### Exercise goal
Give again, word for word, each line below starting at the one that contains "- J5 pad A4: Net-(J5-PadA4) -> vbus" and ending at the one that contains "- net vbus: track".

### Items from a dataset

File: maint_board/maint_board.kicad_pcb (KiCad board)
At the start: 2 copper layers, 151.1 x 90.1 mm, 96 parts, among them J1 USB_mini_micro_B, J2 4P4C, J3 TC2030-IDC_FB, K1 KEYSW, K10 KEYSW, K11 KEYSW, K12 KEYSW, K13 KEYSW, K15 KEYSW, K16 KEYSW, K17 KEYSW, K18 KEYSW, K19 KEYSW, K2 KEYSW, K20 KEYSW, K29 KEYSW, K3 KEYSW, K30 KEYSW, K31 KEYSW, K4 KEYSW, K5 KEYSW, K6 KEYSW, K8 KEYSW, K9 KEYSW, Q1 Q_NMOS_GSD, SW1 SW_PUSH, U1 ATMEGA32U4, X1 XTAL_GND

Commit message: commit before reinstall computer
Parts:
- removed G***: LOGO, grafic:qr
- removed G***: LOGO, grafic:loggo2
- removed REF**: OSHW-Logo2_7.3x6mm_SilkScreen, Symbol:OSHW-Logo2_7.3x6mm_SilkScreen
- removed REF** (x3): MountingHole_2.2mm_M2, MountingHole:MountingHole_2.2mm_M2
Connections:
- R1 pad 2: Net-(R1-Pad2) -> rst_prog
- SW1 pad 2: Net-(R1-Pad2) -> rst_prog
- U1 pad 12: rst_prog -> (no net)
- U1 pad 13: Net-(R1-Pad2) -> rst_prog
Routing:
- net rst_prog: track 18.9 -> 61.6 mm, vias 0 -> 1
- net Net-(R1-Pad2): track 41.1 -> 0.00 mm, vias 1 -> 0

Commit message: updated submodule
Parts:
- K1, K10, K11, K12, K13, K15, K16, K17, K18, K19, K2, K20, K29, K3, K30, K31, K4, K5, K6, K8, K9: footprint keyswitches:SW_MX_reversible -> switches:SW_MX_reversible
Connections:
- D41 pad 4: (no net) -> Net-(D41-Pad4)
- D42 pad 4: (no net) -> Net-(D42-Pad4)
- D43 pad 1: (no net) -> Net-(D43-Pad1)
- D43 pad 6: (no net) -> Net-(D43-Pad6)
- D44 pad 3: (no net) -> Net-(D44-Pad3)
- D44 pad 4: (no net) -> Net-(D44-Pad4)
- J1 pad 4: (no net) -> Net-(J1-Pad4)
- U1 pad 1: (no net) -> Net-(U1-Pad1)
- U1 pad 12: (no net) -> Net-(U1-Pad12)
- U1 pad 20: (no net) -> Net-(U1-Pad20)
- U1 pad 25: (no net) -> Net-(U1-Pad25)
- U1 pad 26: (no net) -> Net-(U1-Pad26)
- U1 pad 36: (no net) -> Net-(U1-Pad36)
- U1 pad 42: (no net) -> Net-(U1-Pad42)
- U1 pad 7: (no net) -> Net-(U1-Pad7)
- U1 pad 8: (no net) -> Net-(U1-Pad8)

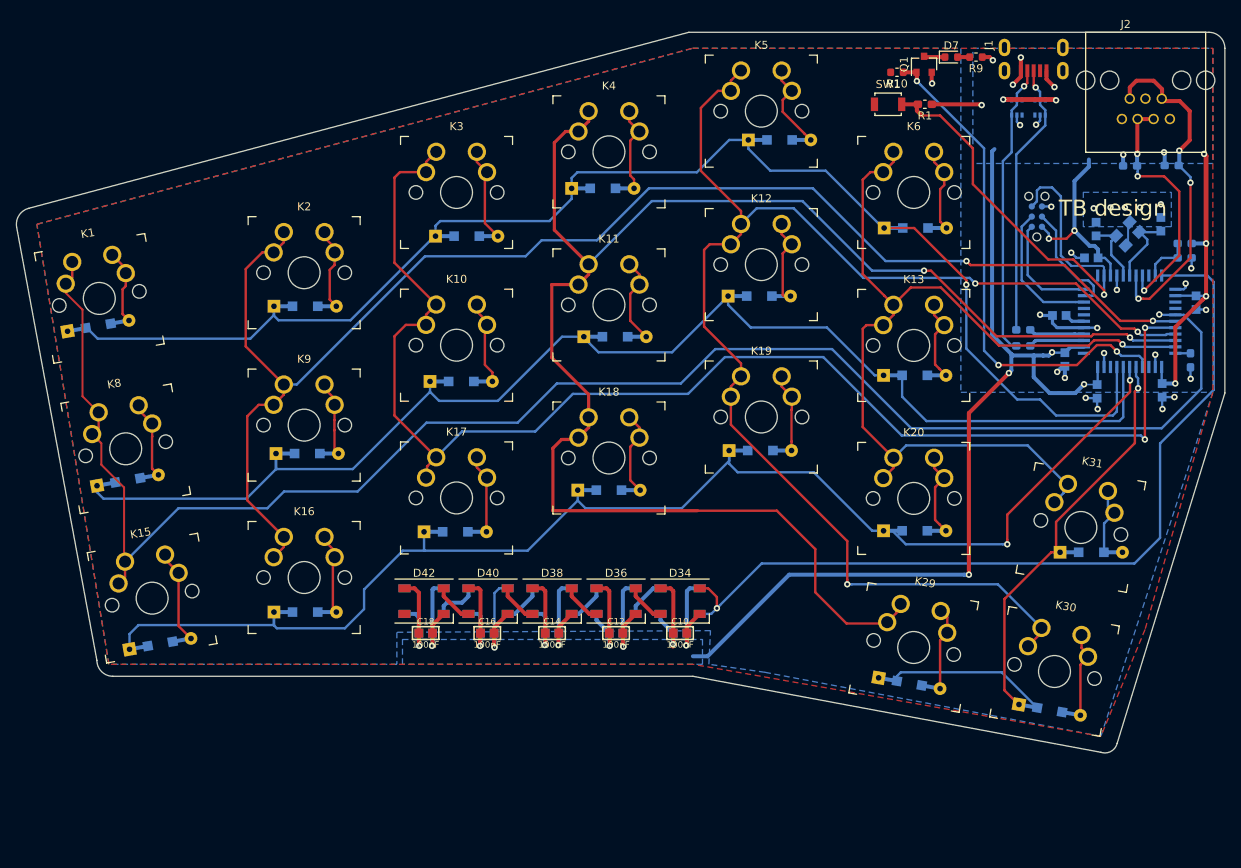
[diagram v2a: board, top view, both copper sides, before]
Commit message: removed two leds and fixed recet and usb port
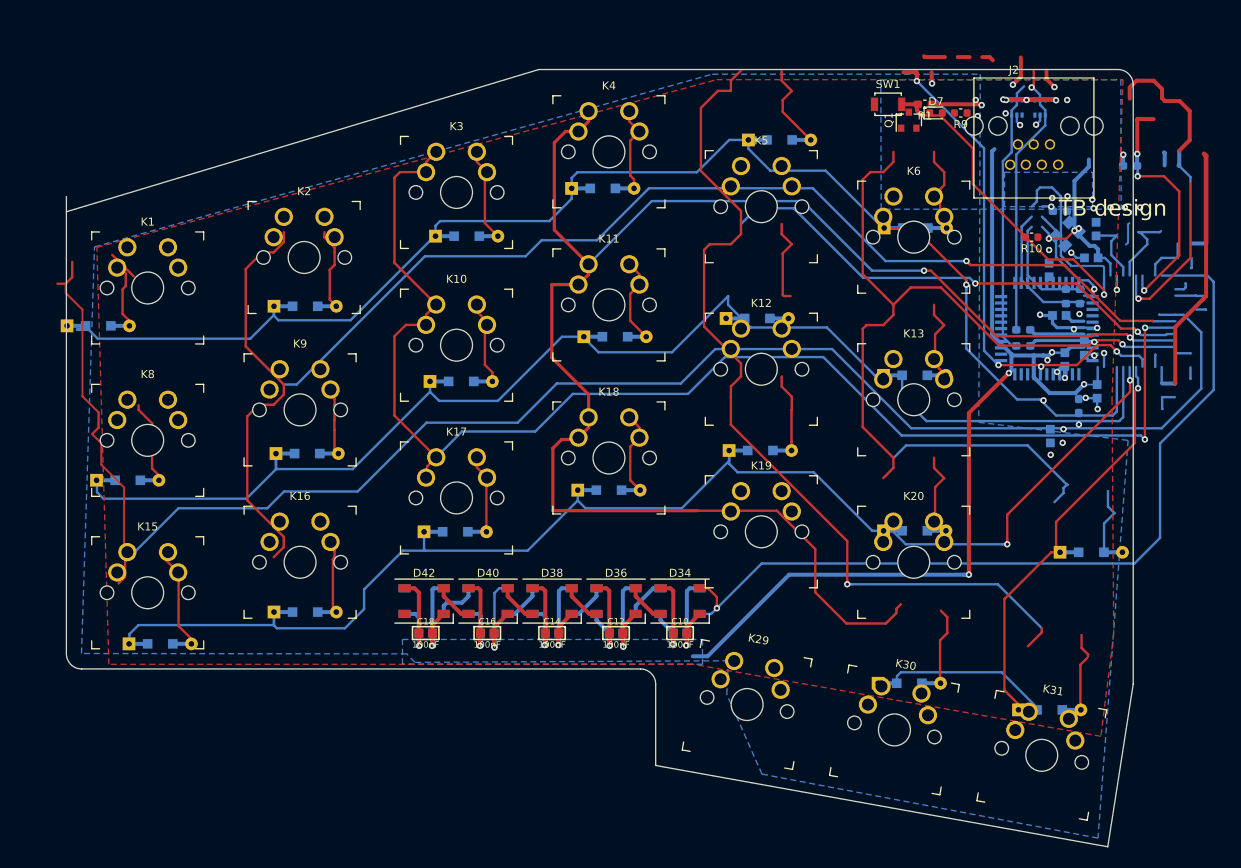
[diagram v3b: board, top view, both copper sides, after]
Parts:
- removed J1: USB_mini_micro_B, my_connectors:usb_minib_wm5462ct-nd
- removed J3: TC2030-IDC_FB, Connector:Tag-Connect_TC2030-IDC-NL_2x03_P1.27mm_Vertical
- moved K31 28.9 mm to (181.6, 119.4)
- moved R10 26.6 mm to (180.3, 54.6)
- moved K29 22.0 mm to (144.8, 113.0)
- moved K30 21.3 mm to (163.2, 116.2)
- moved C2 15.1 mm to (182.5, 58.7)
- moved C3 15.1 mm to (182.7, 79.5)
- moved C5 15.1 mm to (186.9, 68.5)
- moved J2 15.1 mm to (182.1, 40.7)
- moved R5 15.1 mm to (183.9, 51.4)
- moved R6 15.1 mm to (186.2, 75.7)
- moved R8 15.1 mm to (185.5, 61.1)
- moved R7 15.1 mm to (185.5, 62.9)
- moved K19 14.4 mm to (146.6, 91.4)
- moved K12 13.1 mm to (146.6, 71.1)
- moved K5 11.9 mm to (146.6, 50.8)
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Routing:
- net /keys/Col6: track 117.0 -> 27.4 mm
- net /keys/Col5: track 172.5 -> 262.1 mm, vias 3 -> 5
- net (no net): track 0.00 -> 50.8 mm
- net /keys/Col2: track 179.3 -> 128.5 mm
- net /mcu/usb_D-: track 36.7 -> 34.5 mm, vias 1 -> 0
- net GND: track 107.7 -> 109.1 mm, vias 31 -> 33
- net VCC: track 274.5 -> 273.2 mm
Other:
- board size 151.1 x 90.1 mm -> 133.3 x 97.2 mm

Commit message: this is before I switch to usb C
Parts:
- removed C13, C14, C15, C16, C17, C18: 100nF, keyboard_parts:C_1608
- removed D37, D38, D39, D40, D41, D42: SK6812, LED_SMD:LED_SK6812_PLCC4_5.0x5.0mm_P3.2mm
- added D14: 1N4148W, Diode_SMD:D_SOD-323, F.Cu at (170.2, 42.9)
- added H1: MountingHole, MountingHole:MountingHole_2.2mm_M2_ISO7380, F.Cu at (77.5, 52.1)
- added H2: MountingHole, MountingHole:MountingHole_2.2mm_M2_ISO7380, F.Cu at (154.9, 39.4)
- added H3: MountingHole, MountingHole:MountingHole_2.2mm_M2_ISO7380, F.Cu at (174.5, 105.9)
- added J1: USB_mini_micro_B, TB_connectors:usb_minib_wm5462ct-nd, F.Cu at (166.4, 36.8)
- added J3: TC2030-IDC_FB, Connector:Tag-Connect_TC2030-IDC-NL_2x03_P1.27mm_Vertical, B.Cu at (190.5, 83.2)
- added J4: Conn_01x04, Connector_PinHeader_1.00mm:PinHeader_1x04_P1.00mm_Vertical, F.Cu at (192.5, 41.9)
- added J5: USB_C_Receptacle_USB2.0, Connector_USB:USB_C_Receptacle_Palconn_UTC16-G, F.Cu at (146.6, 38.6)
- added JP1: SolderJumper_2_Open, Jumper:SolderJumper-2_P1.3mm_Open_RoundedPad1.0x1.5mm, F.Cu at (185.2, 54.6)
- added JP2: SolderJumper_2_Open, Jumper:SolderJumper-2_P1.3mm_Open_RoundedPad1.0x1.5mm, F.Cu at (182.4, 54.6)
- added JP3: SolderJumper_2_Open, Jumper:SolderJumper-2_P1.3mm_Open_RoundedPad1.0x1.5mm, F.Cu at (179.8, 54.6)
- added TP1: TestPoint_Flag, TestPoint:TestPoint_Pad_1.5x1.5mm, F.Cu at (191.0, 97.5)
- added TP2: TestPoint_Flag, TestPoint:TestPoint_Pad_1.5x1.5mm, F.Cu at (192.0, 48.5)
- D43, D44: moved to F.Cu
- J2: footprint my_connectors:glx-n-44_reverseble -> TB_connectors:glx-n-44_reverseble
- moved C11 61.9 mm to (190.3, 103.0), turned to 90 degrees
- moved C12 61.9 mm to (190.3, 103.0), turned to 90 degrees
- moved D35 58.0 mm to (186.3, 103.0), turned to 90 degrees
- moved D36 58.0 mm to (186.3, 103.0), turned to 90 degrees
- moved R9 57.9 mm to (176.3, 96.8)
- moved D7 56.6 mm to (176.3, 95.1), turned to 180 degrees
- moved C10 55.3 mm to (190.5, 92.6), turned to 90 degrees
- moved C9 55.3 mm to (190.5, 92.6), turned to 90 degrees
- moved Q1 53.8 mm to (177.0, 92.5), turned to 270 degrees
- moved D33 50.6 mm to (186.5, 92.6), turned to 90 degrees
- moved D34 50.6 mm to (186.5, 92.6), turned to 90 degrees
- moved R10 35.1 mm to (177.0, 89.5)
- moved SW1 34.3 mm to (192.3, 54.9), turned to 270 degrees
- moved R1 31.7 mm to (191.5, 58.2), turned to 0 degrees
- moved X1 27.3 mm to (184.7, 81.5), turned to 180 degrees
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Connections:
- U1 pad 18: /mcu/SCL -> i2c_scl
- U1 pad 19: /mcu/SDA -> i2c_sda
- U1 pad 20: Net-(U1-Pad20) -> serial
- U1 pad 36: Net-(U1-Pad36) -> /keys/Row1
- U1 pad 41: /keys/Row1 -> Net-(U1-Pad41)
- U1 pad 7: Net-(U1-Pad7) -> /mcu/Vbus
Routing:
- net VCC: track 273.2 -> 61.8 mm, vias 23 -> 9
- net /keys/Col5: track 262.1 -> 139.8 mm, vias 5 -> 2
- net /keys/Col6: track 27.4 -> 124.9 mm, vias 1 -> 2
- net /Leds/Din: track 107.1 -> 26.7 mm, vias 1 -> 2
- net (no net): track 50.8 -> 0.35 mm
- net /mcu/Vbus: track 0.00 -> 50.2 mm, vias 0 -> 3
- net /keys/Col1: track 210.2 -> 167.2 mm, vias 1 -> 0
- net i2c_sda: track 0.00 -> 40.0 mm, vias 0 -> 2
- net /keys/Col3: track 169.1 -> 129.8 mm, vias 2 -> 0
- net i2c_scl: track 0.00 -> 38.1 mm, vias 0 -> 2
- net /keys/Col4: track 201.0 -> 168.2 mm
- net serial: track 0.00 -> 32.2 mm, vias 0 -> 3
- net Net-(Q1-Pad1): track 63.1 -> 31.8 mm, vias 3 -> 1
- net /keys/Row1: track 177.8 -> 148.4 mm, vias 1 -> 2
- net /mcu/SCL: track 42.6 -> 14.2 mm, vias 3 -> 1
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- added copper zone on F.Cu, net VCC
- removed copper zone on F.Cu, net GND
- removed copper zone on B.Cu, net VCC
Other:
- board size 133.3 x 97.2 mm -> 134.6 x 97.8 mm
- net class Min: clearance 0.1 -> 0.2; trace_width 0.1 -> 0.2
- rule trace_min: 0.1 -> 0.2
- board text added: "toddis_kb revB"

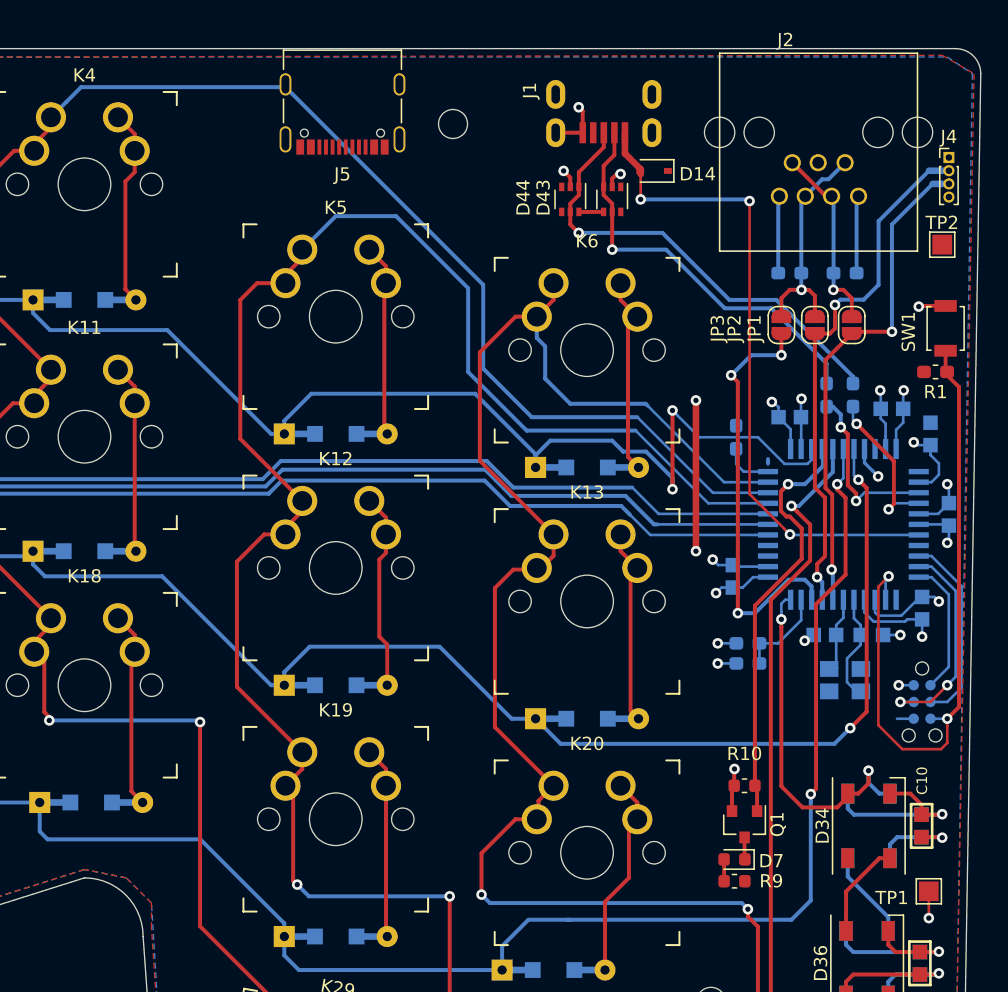
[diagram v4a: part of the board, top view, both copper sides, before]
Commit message: added filter on usb shield
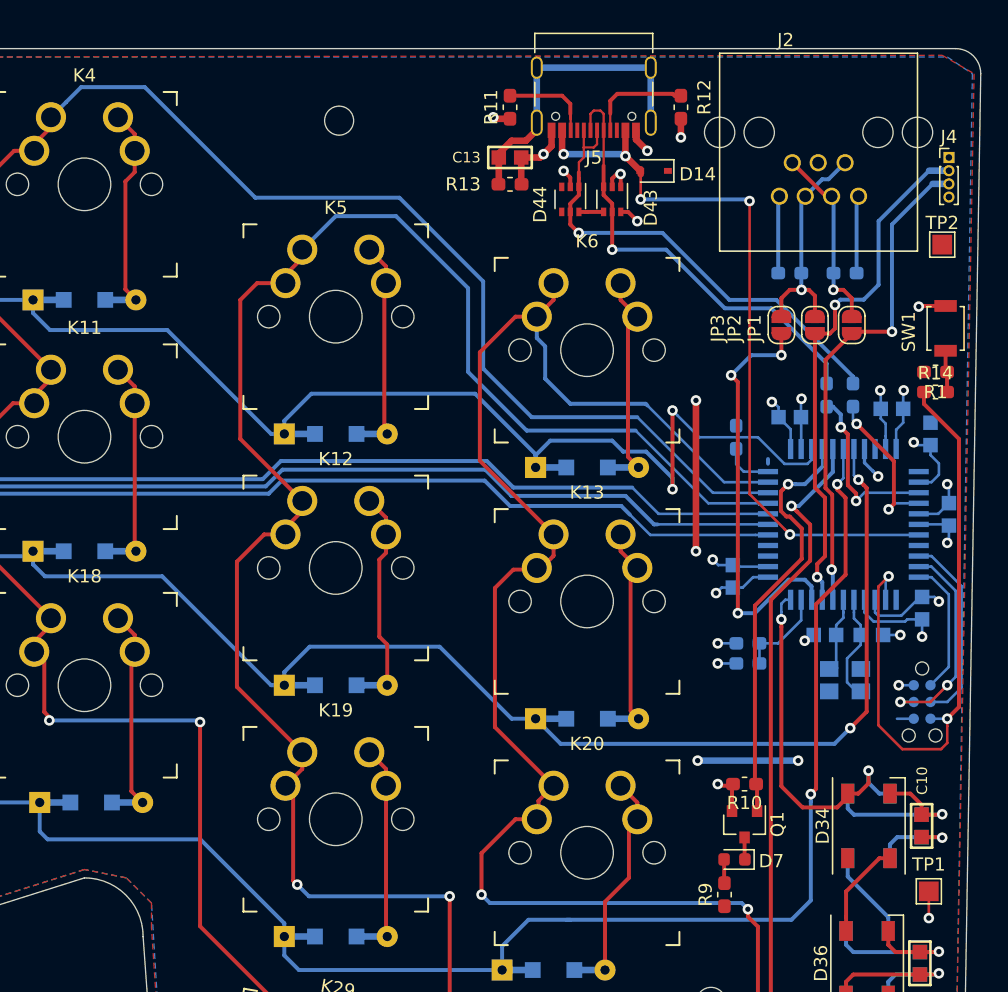
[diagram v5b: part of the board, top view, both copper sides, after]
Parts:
- removed J1: USB_mini_micro_B, TB_connectors:usb_minib_wm5462ct-nd
- added C13: 4n7, keyboard_parts:C_1608, F.Cu at (159.3, 41.9)
- added R11: 5k1, Resistor_SMD:R_0603_1608Metric_Pad1.05x0.95mm_HandSolder, F.Cu at (159.3, 38.1)
- added R12: 5k1, Resistor_SMD:R_0603_1608Metric_Pad1.05x0.95mm_HandSolder, F.Cu at (172.2, 38.1)
- added R13: 1M, Resistor_SMD:R_0603_1608Metric_Pad1.05x0.95mm_HandSolder, F.Cu at (159.3, 43.9)
- added R14: 330, Resistor_SMD:R_0603_1608Metric_Pad1.05x0.95mm_HandSolder, F.Cu at (191.5, 59.7)
- R10, R9: footprint Resistor_SMD:R_0603_1608Metric -> Resistor_SMD:R_0603_1608Metric_Pad1.05x0.95mm_HandSolder
- TP1: value TestPoint_Flag -> gnd
- TP2: value TestPoint_Flag -> Vcc
- moved J5 19.1 mm to (165.6, 37.3)
- moved H2 8.64 mm to (146.3, 39.1)
- moved R9 1.27 mm to (175.5, 97.8), turned to 90 degrees
- moved R10 0.13 mm to (177.0, 89.4)
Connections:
- D14 pad 2: /mcu/Vbus -> vbus
- D43 pad 1: Net-(D43-Pad1) -> GND
- D43 pad 6: Net-(D43-Pad6) -> VCC
- J5 pad A1: Net-(J5-PadA1) -> GND
- J5 pad A12: Net-(J5-PadA1) -> GND
- J5 pad A4: Net-(J5-PadA4) -> vbus
- J5 pad A6: Net-(J5-PadA6) -> /mcu/usb_D+
- J5 pad A7: Net-(J5-PadA7) -> /mcu/usb_D-
- J5 pad A9: Net-(J5-PadA4) -> vbus
- J5 pad B1: Net-(J5-PadA1) -> GND
- J5 pad B12: Net-(J5-PadA1) -> GND
- J5 pad B4: Net-(J5-PadA4) -> vbus
- J5 pad B6: Net-(J5-PadB6) -> /mcu/usb_D+
- J5 pad B7: Net-(J5-PadB7) -> /mcu/usb_D-
- J5 pad B9: Net-(J5-PadA4) -> vbus
- R1 pad 2: rst_prog -> Net-(R1-Pad2)
- SW1 pad 2: rst_prog -> Net-(R1-Pad2)
- U1 pad 7: /mcu/Vbus -> vbus
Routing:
- net vbus: track 0.00 -> 57.1 mm, vias 0 -> 5
- net /mcu/Vbus: track 50.2 -> 0.00 mm, vias 3 -> 0
- net Net-(C13-Pad2): track 0.00 -> 24.3 mm
- net VCC: track 61.8 -> 71.0 mm, vias 9 -> 12
- net Net-(J5-PadA5): track 0.00 -> 7.87 mm
- net GND: track 81.6 -> 89.0 mm, vias 18 -> 21
- net Net-(J5-PadB5): track 0.00 -> 7.22 mm
- net /mcu/usb_D-: track 30.8 -> 34.4 mm
- net Net-(R1-Pad2): track 0.00 -> 3.32 mm
- net rst_prog: track 51.5 -> 49.0 mm
- net /mcu/usb_D+: track 34.7 -> 36.5 mm
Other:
- rule trace_min: 0.2 -> 0.175

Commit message: added som libes
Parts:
- added G***: LOGO, loggo:qr_500_500, F.Cu at (182.4, 65.3)
- added G***: LOGO, loggo:loggo_1200_1200, F.Cu at (183.9, 82.5)
- added REF**: OSHW-Logo2_7.3x6mm_SilkScreen, Symbol:OSHW-Logo2_7.3x6mm_SilkScreen, F.Cu at (140.0, 39.1)

### Task response
- J5 pad A4: Net-(J5-PadA4) -> vbus
- J5 pad A6: Net-(J5-PadA6) -> /mcu/usb_D+
- J5 pad A7: Net-(J5-PadA7) -> /mcu/usb_D-
- J5 pad A9: Net-(J5-PadA4) -> vbus
- J5 pad B1: Net-(J5-PadA1) -> GND
- J5 pad B12: Net-(J5-PadA1) -> GND
- J5 pad B4: Net-(J5-PadA4) -> vbus
- J5 pad B6: Net-(J5-PadB6) -> /mcu/usb_D+
- J5 pad B7: Net-(J5-PadB7) -> /mcu/usb_D-
- J5 pad B9: Net-(J5-PadA4) -> vbus
- R1 pad 2: rst_prog -> Net-(R1-Pad2)
- SW1 pad 2: rst_prog -> Net-(R1-Pad2)
- U1 pad 7: /mcu/Vbus -> vbus
Routing:
- net vbus: track 0.00 -> 57.1 mm, vias 0 -> 5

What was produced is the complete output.